Sobre inmigrantes y emigrantes

Existe en España una larga tradición de migraciones, tanto interiores como exteriores. A partir de los años 60, los movimientos interiores de población se convirtieron en una cuestión de gran trascendencia, ligada a la intensificación del proceso de industrialización y la disminución de la población campesina. La corriente emigratoria a países extranjeros durante los siglos XIX y XX tuvo también una fundamental influencia en la historia de nuestro país, siendo Iberoamérica y Europa los destinos más frecuentes. ¿Quién no tiene algún tío, abuelo o pariente más o menos lejano en Argentina, Bélgica o Alemania? En la época contemporánea, España ha sido predominantemente tierra de emigrantes, aunque no por ello la inmigración estuvo ausente. Pero el hecho nuevo es que España ha dejado de ser un país de emigración y se ha convertido en receptora de inmigrantes, lo que ha supuesto un importante cambio en nuestra sociedad.

No todo el mundo parece dispuesto a aceptar esta nueva situación, y muchos se olvidan de los motivos que llevaron a nuestros abuelos a dejar la tierra en la que crecieron, a olvidar que fueron obligados a marcharse si querían vivir, para ser acogidos por otros cuya situación muchas veces nada tenía que ver con la suya. Ese mismo espíritu de comprensión es el que debería ahora guiarnos en el trato con los recién llegados. Pero parece que no todo el mundo está dispuesto a ello.

El número actual de residentes extranjeros en España se cifra en torno a 1.200.000 personas, de las que 500.000 proceden de países de la Unión Europea y unos 700.000 de países extracomunitarios. Estas cifras, sin embargo son insignificantes, ya que apenas suponen un 1,5% de la población, mientras que en el resto de la Unión Europea está en el 6%. El fenómeno migratorio es algo constante y permanente, y que, pese a la opinión de algunos, contribuye al crecimiento de nuestro desarrollo económico, teniendo en cuenta que las tasas de crecimiento de población en nuestro país disminuyen a pasos agigantados. Pero hay que tener presente que son algo más: "pidieron mano de obra y les llegaron personas". Son personas que, llevadas por situaciones económicas insostenibles, guerras, exilios forzosos, y falta de futuro han recurrido a la única vía que les quedaba para poder vivir y ver crecer a sus hijos. No es fácil dejar atrás a una familia, unos amigos, un país; no es fácil tener que comenzar de cero, muchas veces incluso desconociendo el idioma del lugar que les acoge. En un porcentaje muy amplio se trata de la juventud cualificada (arquitectos, profesores, técnicos...), de países que pierden así a su capital humano, dificultando su propio desarrollo.

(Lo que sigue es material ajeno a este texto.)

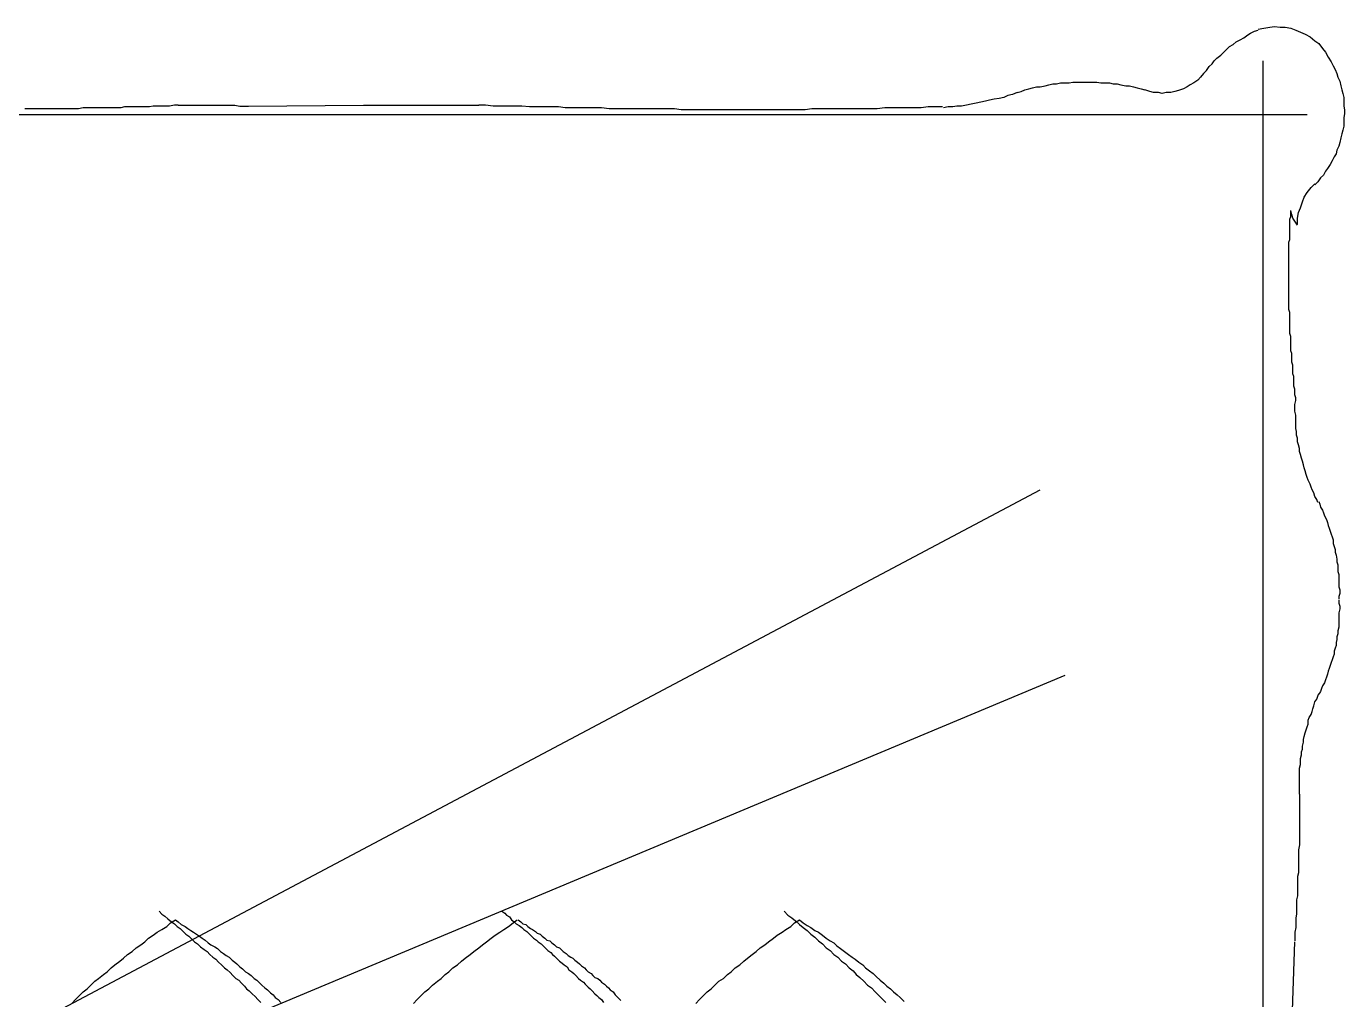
# Model space of a CAD drawing. Extents: x -454308 to 890911, y -14103 to 1343694.
# Drawn here: x 197987.8 to 198044.2, y 656462.5 to 656504.2 of the extents above; entities that cross this region are included whole.
import ezdxf

# ---------------------------------------------------------------- set-up
doc = ezdxf.new("R2010")
doc.units = 0
doc.header["$MEASUREMENT"] = 0
doc.layers.add('FURN', color=250, linetype='Continuous')
doc.layers.add('Text', color=55, linetype='Continuous', lineweight=25)

# ---------------------------------------------------------------- blocks, each defined once
blk = doc.blocks.new('BD')
at = {"layer": 'FURN'}
for points in [[(165985.527, 672806.792), (165985.527, 672782.216), (165985.527, 672731.627)], [(166035.212, 672806.422), (166001.596, 672743.052)], [(166036.486, 672806.422), (166009.527, 672741.983)], [(165985.116, 672779.956), (165985.116, 672780.12), (165985.157, 672780.326), (165985.157, 672780.49), (165985.157, 672780.655), (165985.157, 672780.86), (165985.157, 672781.024), (165985.198, 672781.189), (165985.198, 672781.394), (165985.198, 672781.559), (165985.198, 672781.723), (165985.198, 672781.929), (165985.198, 672782.093), (165985.198, 672782.257), (165985.239, 672782.422), (165985.239, 672782.627), (165985.239, 672782.792), (165985.239, 672782.956), (165985.239, 672783.161), (165985.239, 672783.326), (165985.239, 672783.49), (165985.239, 672783.696), (165985.239, 672783.86), (165985.239, 672784.024), (165985.281, 672784.23), (165985.281, 672784.394), (165985.281, 672784.559), (165985.281, 672784.764), (165985.281, 672784.929), (165985.281, 672785.093), (165985.281, 672785.298), (165985.281, 672785.463), (165985.281, 672785.627), (165985.281, 672785.833), (165985.281, 672785.997), (165985.281, 672786.161), (165985.281, 672786.367), (165985.281, 672786.531)], [(166023.582, 672784.518), (166023.418, 672784.353), (166023.253, 672784.189), (166023.089, 672784.024), (166022.965, 672783.86), (166022.801, 672783.696), (166022.637, 672783.531), (166022.513, 672783.367), (166022.349, 672783.161), (166022.226, 672782.997), (166022.061, 672782.833), (166021.938, 672782.668), (166021.774, 672782.463), (166021.65, 672782.298), (166021.486, 672782.134), (166021.363, 672781.929), (166021.198, 672781.764), (166021.075, 672781.559), (166020.952, 672781.394), (166020.787, 672781.23), (166020.664, 672781.024), (166020.541, 672780.86), (166020.418, 672780.655), (166020.294, 672780.449), (166020.13, 672780.285), (166020.007, 672780.079)], [(166019.637, 672780.778), (166019.76, 672780.655), (166019.842, 672780.531), (166019.965, 672780.408), (166020.089, 672780.244), (166020.171, 672780.12), (166020.294, 672779.997), (166020.376, 672779.874), (166020.5, 672779.751), (166020.623, 672779.627), (166020.705, 672779.504), (166020.829, 672779.381), (166020.952, 672779.257), (166021.034, 672779.134), (166021.157, 672779.011), (166021.281, 672778.846), (166021.363, 672778.723), (166021.486, 672778.6), (166021.609, 672778.477), (166021.692, 672778.353), (166021.815, 672778.23), (166021.938, 672778.107), (166022.061, 672777.983), (166022.144, 672777.86), (166022.267, 672777.737), (166022.39, 672777.614), (166022.513, 672777.49), (166022.596, 672777.367), (166022.719, 672777.244), (166022.842, 672777.12), (166022.965, 672777.038), (166023.048, 672776.915), (166023.171, 672776.792), (166023.294, 672776.668), (166023.418, 672776.545), (166023.541, 672776.422)], [(165985.116, 672779.956), (165985.116, 672779.792), (165985.116, 672779.586), (165985.116, 672779.381), (165985.116, 672779.216), (165985.116, 672779.011), (165985.116, 672778.846), (165985.116, 672778.641), (165985.116, 672778.477), (165985.116, 672778.271), (165985.116, 672778.107), (165985.116, 672777.901), (165985.116, 672777.696), (165985.116, 672777.531), (165985.157, 672777.326), (165985.157, 672777.161), (165985.157, 672776.956)], [(166020.007, 672780.079), (166020.089, 672779.956), (166020.212, 672779.833), (166020.294, 672779.668), (166020.376, 672779.545), (166020.459, 672779.422), (166020.541, 672779.298), (166020.623, 672779.175), (166020.705, 672779.052), (166020.787, 672778.929), (166020.87, 672778.805), (166020.993, 672778.682), (166021.075, 672778.559), (166021.157, 672778.394), (166021.239, 672778.271), (166021.363, 672778.148), (166021.445, 672778.024), (166021.527, 672777.901), (166021.609, 672777.778), (166021.733, 672777.655), (166021.815, 672777.531), (166021.897, 672777.449), (166022.02, 672777.326), (166022.102, 672777.203), (166022.226, 672777.079), (166022.308, 672776.956), (166022.39, 672776.833), (166022.513, 672776.709), (166022.596, 672776.586), (166022.719, 672776.463), (166022.801, 672776.381), (166022.924, 672776.257), (166023.007, 672776.134), (166023.13, 672776.011), (166023.212, 672775.887), (166023.335, 672775.805), (166023.418, 672775.682), (166023.541, 672775.559)], [(165985.157, 672776.956), (165985.116, 672772.024), (165985.116, 672767.093)], [(166023.582, 672769.887), (166023.418, 672769.723), (166023.253, 672769.559), (166023.089, 672769.394), (166022.965, 672769.23), (166022.801, 672769.066), (166022.637, 672768.86), (166022.513, 672768.696), (166022.349, 672768.531), (166022.226, 672768.367), (166022.061, 672768.203), (166021.938, 672767.997), (166021.774, 672767.833), (166021.65, 672767.668), (166021.486, 672767.463), (166021.363, 672767.298), (166021.198, 672767.093), (166021.075, 672766.929), (166020.952, 672766.764), (166020.787, 672766.559), (166020.664, 672766.394), (166020.541, 672766.189), (166020.418, 672766.024), (166020.294, 672765.819), (166020.13, 672765.614), (166020.007, 672765.449)], [(165985.198, 672747.244), (165985.198, 672747.531), (165985.198, 672747.86), (165985.239, 672748.148), (165985.239, 672748.477), (165985.239, 672748.764), (165985.239, 672749.093), (165985.239, 672749.422), (165985.239, 672749.709), (165985.281, 672750.038), (165985.281, 672750.326), (165985.281, 672750.655), (165985.281, 672750.942), (165985.281, 672751.271), (165985.281, 672751.559), (165985.281, 672751.887), (165985.281, 672752.216), (165985.281, 672752.504), (165985.281, 672752.833), (165985.322, 672753.12), (165985.322, 672753.449), (165985.322, 672753.737), (165985.322, 672754.066), (165985.322, 672754.353), (165985.322, 672754.682), (165985.322, 672755.011), (165985.322, 672755.298), (165985.322, 672755.627), (165985.322, 672755.915), (165985.322, 672756.244), (165985.322, 672756.531), (165985.322, 672756.86), (165985.322, 672757.148), (165985.322, 672757.477), (165985.322, 672757.805), (165985.322, 672758.093), (165985.322, 672758.422), (165985.281, 672758.709), (165985.281, 672759.038), (165985.281, 672759.326), (165985.281, 672759.655), (165985.281, 672759.942), (165985.281, 672760.271), (165985.281, 672760.6), (165985.281, 672760.887), (165985.281, 672761.216), (165985.281, 672761.504), (165985.239, 672761.833), (165985.239, 672762.12), (165985.239, 672762.449), (165985.239, 672762.737), (165985.239, 672763.066), (165985.239, 672763.394), (165985.198, 672763.682), (165985.198, 672764.011), (165985.198, 672764.298), (165985.198, 672764.627), (165985.198, 672764.915), (165985.157, 672765.244), (165985.157, 672765.531), (165985.157, 672765.86), (165985.157, 672766.189), (165985.157, 672766.477), (165985.116, 672766.805), (165985.116, 672767.093)], [(166019.637, 672766.107), (166019.719, 672765.983), (166019.801, 672765.901), (166019.883, 672765.778), (166020.007, 672765.696), (166020.089, 672765.572), (166020.171, 672765.49), (166020.253, 672765.367), (166020.335, 672765.244), (166020.418, 672765.161), (166020.5, 672765.038), (166020.582, 672764.956), (166020.705, 672764.833), (166020.787, 672764.751), (166020.87, 672764.627), (166020.952, 672764.545), (166021.034, 672764.422), (166021.116, 672764.34), (166021.239, 672764.216), (166021.322, 672764.134), (166021.404, 672764.011), (166021.486, 672763.929), (166021.568, 672763.846), (166021.692, 672763.723), (166021.774, 672763.641), (166021.856, 672763.518), (166021.938, 672763.435), (166022.02, 672763.312), (166022.144, 672763.23), (166022.226, 672763.107), (166022.308, 672763.024), (166022.39, 672762.942), (166022.513, 672762.819), (166022.596, 672762.737), (166022.678, 672762.614), (166022.76, 672762.531), (166022.883, 672762.408), (166022.965, 672762.326), (166023.048, 672762.244), (166023.171, 672762.12), (166023.253, 672762.038), (166023.335, 672761.956), (166023.418, 672761.833), (166023.541, 672761.751)], [(166020.007, 672765.408), (166020.089, 672765.285), (166020.171, 672765.203), (166020.212, 672765.079), (166020.294, 672764.997), (166020.376, 672764.874), (166020.418, 672764.792), (166020.5, 672764.668), (166020.582, 672764.586), (166020.623, 672764.463), (166020.705, 672764.381), (166020.787, 672764.257), (166020.87, 672764.175), (166020.911, 672764.052), (166020.993, 672763.97), (166021.075, 672763.846), (166021.157, 672763.764), (166021.198, 672763.641), (166021.281, 672763.559), (166021.363, 672763.477), (166021.445, 672763.353), (166021.527, 672763.271), (166021.609, 672763.148), (166021.65, 672763.066), (166021.733, 672762.983), (166021.815, 672762.86), (166021.897, 672762.778), (166021.979, 672762.696), (166022.061, 672762.572), (166022.144, 672762.49), (166022.226, 672762.408), (166022.308, 672762.285), (166022.39, 672762.203), (166022.472, 672762.12), (166022.513, 672761.997), (166022.596, 672761.915), (166022.678, 672761.833), (166022.76, 672761.709), (166022.842, 672761.627), (166022.924, 672761.545), (166023.007, 672761.463), (166023.089, 672761.34), (166023.212, 672761.257), (166023.294, 672761.175), (166023.376, 672761.093), (166023.459, 672761.011)], [(166023.582, 672757.805), (166023.418, 672757.641), (166023.253, 672757.477), (166023.089, 672757.312), (166022.965, 672757.148), (166022.801, 672756.983), (166022.637, 672756.819), (166022.513, 672756.614), (166022.349, 672756.449), (166022.226, 672756.285), (166022.061, 672756.12), (166021.938, 672755.915), (166021.774, 672755.751), (166021.65, 672755.586), (166021.486, 672755.381), (166021.363, 672755.216), (166021.198, 672755.052), (166021.075, 672754.846), (166020.952, 672754.682), (166020.787, 672754.477), (166020.664, 672754.312), (166020.541, 672754.107), (166020.418, 672753.942), (166020.294, 672753.737), (166020.13, 672753.572), (166020.007, 672753.367)], [(166019.637, 672754.024), (166019.801, 672753.86), (166019.924, 672753.696), (166020.048, 672753.531), (166020.212, 672753.367), (166020.335, 672753.203), (166020.459, 672753.038), (166020.623, 672752.874), (166020.746, 672752.709), (166020.911, 672752.545), (166021.034, 672752.381), (166021.198, 672752.216), (166021.322, 672752.052), (166021.486, 672751.887), (166021.609, 672751.723), (166021.774, 672751.559), (166021.897, 672751.394), (166022.061, 672751.23), (166022.185, 672751.066), (166022.349, 672750.942), (166022.472, 672750.778), (166022.637, 672750.614), (166022.801, 672750.449), (166022.924, 672750.285), (166023.089, 672750.12), (166023.212, 672749.997), (166023.376, 672749.833), (166023.541, 672749.668)], [(166020.007, 672753.367), (166020.13, 672753.203), (166020.253, 672753.038), (166020.335, 672752.874), (166020.459, 672752.709), (166020.541, 672752.545), (166020.664, 672752.381), (166020.787, 672752.216), (166020.911, 672752.052), (166020.993, 672751.887), (166021.116, 672751.764), (166021.239, 672751.6), (166021.363, 672751.435), (166021.486, 672751.271), (166021.609, 672751.107), (166021.692, 672750.983), (166021.815, 672750.819), (166021.938, 672750.655), (166022.061, 672750.531), (166022.185, 672750.367), (166022.308, 672750.203), (166022.431, 672750.079), (166022.596, 672749.915), (166022.719, 672749.751), (166022.842, 672749.627), (166022.965, 672749.463), (166023.089, 672749.34), (166023.212, 672749.175), (166023.335, 672749.052), (166023.5, 672748.887)], [(165984.582, 672744.038), (165984.664, 672744.244), (165984.705, 672744.449), (165984.787, 672744.614), (165984.829, 672744.819), (165984.87, 672745.024), (165984.911, 672745.23), (165984.952, 672745.394), (165984.993, 672745.6), (165985.034, 672745.805), (165985.075, 672746.011), (165985.116, 672746.216), (165985.157, 672746.422), (165985.157, 672746.627), (165985.198, 672746.792), (165985.198, 672746.997), (165985.239, 672747.203)], [(165984.582, 672744.038), (165984.541, 672743.874), (165984.459, 672743.709), (165984.418, 672743.545), (165984.376, 672743.381), (165984.335, 672743.216), (165984.335, 672743.052), (165984.294, 672742.846), (165984.253, 672742.682), (165984.212, 672742.518), (165984.212, 672742.353), (165984.171, 672742.189), (165984.171, 672741.983), (165984.171, 672741.819), (165984.13, 672741.655), (165984.13, 672741.49), (165984.13, 672741.326), (165984.13, 672741.12), (165984.13, 672740.956), (165984.13, 672740.792), (165984.13, 672740.627), (165984.171, 672740.463), (165984.171, 672740.257), (165984.171, 672740.093), (165984.212, 672739.929), (165984.212, 672739.764), (165984.253, 672739.6), (165984.294, 672739.394), (165984.294, 672739.23), (165984.335, 672739.066), (165984.376, 672738.901), (165984.418, 672738.737), (165984.459, 672738.572)], [(165983.637, 672735.942), (165983.76, 672736.066), (165983.924, 672736.189), (165984.048, 672736.312), (165984.171, 672736.477), (165984.253, 672736.641), (165984.335, 672736.764), (165984.418, 672736.929), (165984.5, 672737.134), (165984.541, 672737.298), (165984.582, 672737.463), (165984.582, 672737.668), (165984.623, 672737.833), (165984.582, 672737.997), (165984.582, 672738.203), (165984.541, 672738.367), (165984.459, 672738.572)], [(165983.637, 672735.942), (165983.472, 672735.819), (165983.349, 672735.696), (165983.226, 672735.614), (165983.102, 672735.49), (165982.979, 672735.326), (165982.856, 672735.203), (165982.733, 672735.079), (165982.609, 672734.956), (165982.527, 672734.792), (165982.404, 672734.668), (165982.322, 672734.504), (165982.239, 672734.34), (165982.116, 672734.175), (165982.034, 672734.052), (165981.952, 672733.887), (165981.911, 672733.723)], [(165981.87, 672733.723), (165981.829, 672733.477), (165981.787, 672733.23), (165981.746, 672733.024), (165981.787, 672732.778), (165981.787, 672732.572), (165981.829, 672732.326), (165981.911, 672732.12), (165981.993, 672731.915), (165982.075, 672731.709), (165982.198, 672731.504), (165982.363, 672731.298), (165982.486, 672731.134), (165982.692, 672730.97), (165982.856, 672730.846), (165983.061, 672730.723), (165983.267, 672730.6)], [(166059.294, 672733.518), (165983.226, 672733.518)], [(165997.65, 672732.12), (165997.527, 672732.161), (165997.404, 672732.161), (165997.281, 672732.161), (165997.157, 672732.203), (165997.034, 672732.203), (165996.911, 672732.203), (165996.746, 672732.203), (165996.623, 672732.244), (165996.5, 672732.244), (165996.376, 672732.244), (165996.253, 672732.244), (165996.13, 672732.285), (165996.007, 672732.285), (165995.883, 672732.285), (165995.76, 672732.285), (165995.637, 672732.326), (165995.513, 672732.326), (165995.39, 672732.326), (165995.267, 672732.326), (165995.144, 672732.326), (165995.02, 672732.326), (165994.897, 672732.367), (165994.774, 672732.367), (165994.65, 672732.367), (165994.527, 672732.367), (165994.404, 672732.367), (165994.281, 672732.367), (165994.116, 672732.367), (165993.993, 672732.367), (165993.87, 672732.408), (165993.746, 672732.408), (165993.623, 672732.408), (165993.5, 672732.408), (165993.376, 672732.408), (165993.253, 672732.408), (165993.13, 672732.408), (165993.007, 672732.408), (165992.883, 672732.408), (165992.76, 672732.408), (165992.637, 672732.408), (165992.513, 672732.408), (165992.39, 672732.408), (165992.267, 672732.408), (165992.144, 672732.408), (165992.02, 672732.408), (165991.897, 672732.408), (165991.733, 672732.408), (165991.609, 672732.408), (165991.486, 672732.408), (165991.363, 672732.408), (165991.239, 672732.408), (165991.116, 672732.408), (165990.993, 672732.408), (165990.87, 672732.367), (165990.746, 672732.367), (165990.623, 672732.367), (165990.5, 672732.367), (165990.376, 672732.367), (165990.253, 672732.367), (165990.13, 672732.367), (165990.007, 672732.367), (165989.883, 672732.326), (165989.76, 672732.326), (165989.637, 672732.326)], [(166030.609, 672732.49), (166020.952, 672732.161)], [(165990.212, 672732.038), (165989.965, 672732.038), (165989.719, 672731.997), (165989.513, 672731.915), (165989.267, 672731.833), (165989.061, 672731.751), (165988.856, 672731.627), (165988.65, 672731.463), (165988.486, 672731.298)], [(165990.253, 672732.038), (165990.089, 672732.161), (165989.965, 672732.244), (165989.801, 672732.285), (165989.637, 672732.326)], [(166002.13, 672731.175), (166002.007, 672731.216), (166001.883, 672731.298), (166001.719, 672731.34), (166001.596, 672731.422), (166001.472, 672731.463), (166001.349, 672731.504), (166001.185, 672731.586), (166001.061, 672731.627), (166000.938, 672731.668), (166000.774, 672731.709), (166000.65, 672731.751), (166000.527, 672731.792), (166000.363, 672731.833), (166000.239, 672731.874), (166000.075, 672731.915), (165999.952, 672731.956), (165999.829, 672731.956), (165999.664, 672731.997), (165999.541, 672732.038), (165999.376, 672732.038), (165999.253, 672732.079), (165999.089, 672732.079), (165998.965, 672732.12), (165998.801, 672732.12), (165998.678, 672732.12), (165998.513, 672732.12), (165998.39, 672732.12), (165998.226, 672732.161), (165998.102, 672732.161), (165997.938, 672732.161), (165997.774, 672732.12), (165997.65, 672732.12)], [(166014.623, 672731.956), (166014.459, 672731.956), (166014.335, 672731.956), (166014.212, 672731.956), (166014.048, 672731.956), (166013.924, 672731.956), (166013.801, 672731.956), (166013.637, 672731.956), (166013.513, 672731.956), (166013.349, 672731.915), (166013.226, 672731.915), (166013.102, 672731.915), (166012.938, 672731.874), (166012.815, 672731.874), (166012.692, 672731.833), (166012.568, 672731.833), (166012.404, 672731.792), (166012.281, 672731.792), (166012.157, 672731.751), (166011.993, 672731.709), (166011.87, 672731.668), (166011.746, 672731.627), (166011.623, 672731.586), (166011.459, 672731.586), (166011.335, 672731.545), (166011.212, 672731.463), (166011.089, 672731.422), (166010.965, 672731.381), (166010.842, 672731.34), (166010.678, 672731.298), (166010.555, 672731.216), (166010.431, 672731.175), (166010.308, 672731.134)], [(166014.623, 672731.956), (166014.829, 672731.956), (166015.034, 672731.956), (166015.239, 672731.956), (166015.404, 672731.956), (166015.609, 672731.956), (166015.815, 672731.956), (166016.02, 672731.956), (166016.226, 672731.956), (166016.39, 672731.956), (166016.596, 672731.956), (166016.801, 672731.956), (166017.007, 672731.997), (166017.171, 672731.997), (166017.376, 672731.997), (166017.582, 672731.997), (166017.787, 672731.997), (166017.993, 672731.997), (166018.157, 672732.038), (166018.363, 672732.038), (166018.568, 672732.038), (166018.774, 672732.038), (166018.979, 672732.038), (166019.144, 672732.079), (166019.349, 672732.079), (166019.555, 672732.079), (166019.76, 672732.079), (166019.924, 672732.12), (166020.13, 672732.12), (166020.335, 672732.12), (166020.541, 672732.161), (166020.705, 672732.161), (166020.911, 672732.161)], [(165983.267, 672730.6), (165983.431, 672730.518), (165983.596, 672730.435), (165983.76, 672730.353), (165983.924, 672730.312), (165984.089, 672730.23), (165984.294, 672730.189), (165984.459, 672730.148), (165984.623, 672730.107), (165984.787, 672730.066), (165984.952, 672730.066), (165985.157, 672730.066), (165985.322, 672730.024), (165985.486, 672730.024), (165985.65, 672730.066), (165985.856, 672730.066), (165986.02, 672730.066), (165986.185, 672730.107), (165986.349, 672730.148), (165986.513, 672730.189), (165986.719, 672730.23), (165986.883, 672730.271), (165987.048, 672730.353), (165987.212, 672730.394), (165987.335, 672730.477), (165987.5, 672730.559), (165987.664, 672730.641), (165987.829, 672730.764), (165987.952, 672730.846), (165988.116, 672730.929), (165988.239, 672731.052), (165988.404, 672731.175), (165988.527, 672731.298)], [(166002.089, 672731.134), (166002.212, 672731.093), (166002.335, 672731.052), (166002.459, 672730.97), (166002.582, 672730.929), (166002.705, 672730.887), (166002.87, 672730.805), (166002.993, 672730.764), (166003.116, 672730.723), (166003.239, 672730.682), (166003.363, 672730.641), (166003.486, 672730.6), (166003.609, 672730.559), (166003.733, 672730.518), (166003.897, 672730.518), (166004.02, 672730.477), (166004.144, 672730.435), (166004.267, 672730.435), (166004.39, 672730.394), (166004.555, 672730.353), (166004.678, 672730.353), (166004.801, 672730.312), (166004.924, 672730.312), (166005.089, 672730.312), (166005.212, 672730.271), (166005.335, 672730.271), (166005.5, 672730.271), (166005.623, 672730.271), (166005.746, 672730.271), (166005.87, 672730.23), (166006.034, 672730.23), (166006.157, 672730.271), (166006.281, 672730.271)], [(166006.322, 672730.271), (166006.445, 672730.271), (166006.568, 672730.23), (166006.692, 672730.23), (166006.856, 672730.271), (166006.979, 672730.271), (166007.102, 672730.271), (166007.226, 672730.271), (166007.349, 672730.271), (166007.472, 672730.271), (166007.637, 672730.312), (166007.76, 672730.312), (166007.883, 672730.353), (166008.007, 672730.353), (166008.13, 672730.394), (166008.253, 672730.394), (166008.376, 672730.435), (166008.5, 672730.477), (166008.623, 672730.477), (166008.746, 672730.518), (166008.87, 672730.559), (166008.993, 672730.6), (166009.116, 672730.641), (166009.239, 672730.682), (166009.363, 672730.723), (166009.486, 672730.764), (166009.609, 672730.805), (166009.733, 672730.846), (166009.856, 672730.887), (166009.979, 672730.97), (166010.102, 672731.011), (166010.226, 672731.052), (166010.349, 672731.134)]]:
    blk.add_lwpolyline(points, dxfattribs=at)

msp = doc.modelspace()

# ---------------------------------------------------------------- block references
at = {"layer": 'Text', "xscale": -1, "rotation": 90}
msp.add_blockref('BD', (870774.24, 822485.904), dxfattribs=at)

doc.saveas('drawing.dxf')

Pero su lucha por un futuro mejor no hace más que comenzar cuando llegan; da igual que lleguen en patera que en avión, da igual que lleguen sin papeles o con un permiso de turista de tres meses. Todos se han de enfrentar a una dura situación, en la que deberán demostrar lo que a nosotros se nos da por hecho, en la que tendrán que soportar insultos porque su "bronceado" no es fruto de sesiones de playa, en la que deberán soportar que no se les alquile un piso por tener una "apariencia poco fiable", en la que pedir un puesto de trabajo significará en el mejor de los casos doce horas diarias por la mitad de lo que cobraría un español por ocho horas, y además deberán aprender a defenderse por sí mismos, en una sociedad muchas veces hostil.

Aunque sea por un breve instante, ponte en su lugar, e imagina lo que debe sentirse. Imagina que eres tú quien tiene que irse del país, pregunta en tu familia cómo lo pasaron aquellos que tuvieron que emigrar, sólo entonces comprenderás que tenemos el mismo derecho a reclamar que se nos trate como personas, seamos del país que sea, y que todos debemos tener las mismas oportunidades para vivir y ver cumplidas nuestras esperanzas de futuro.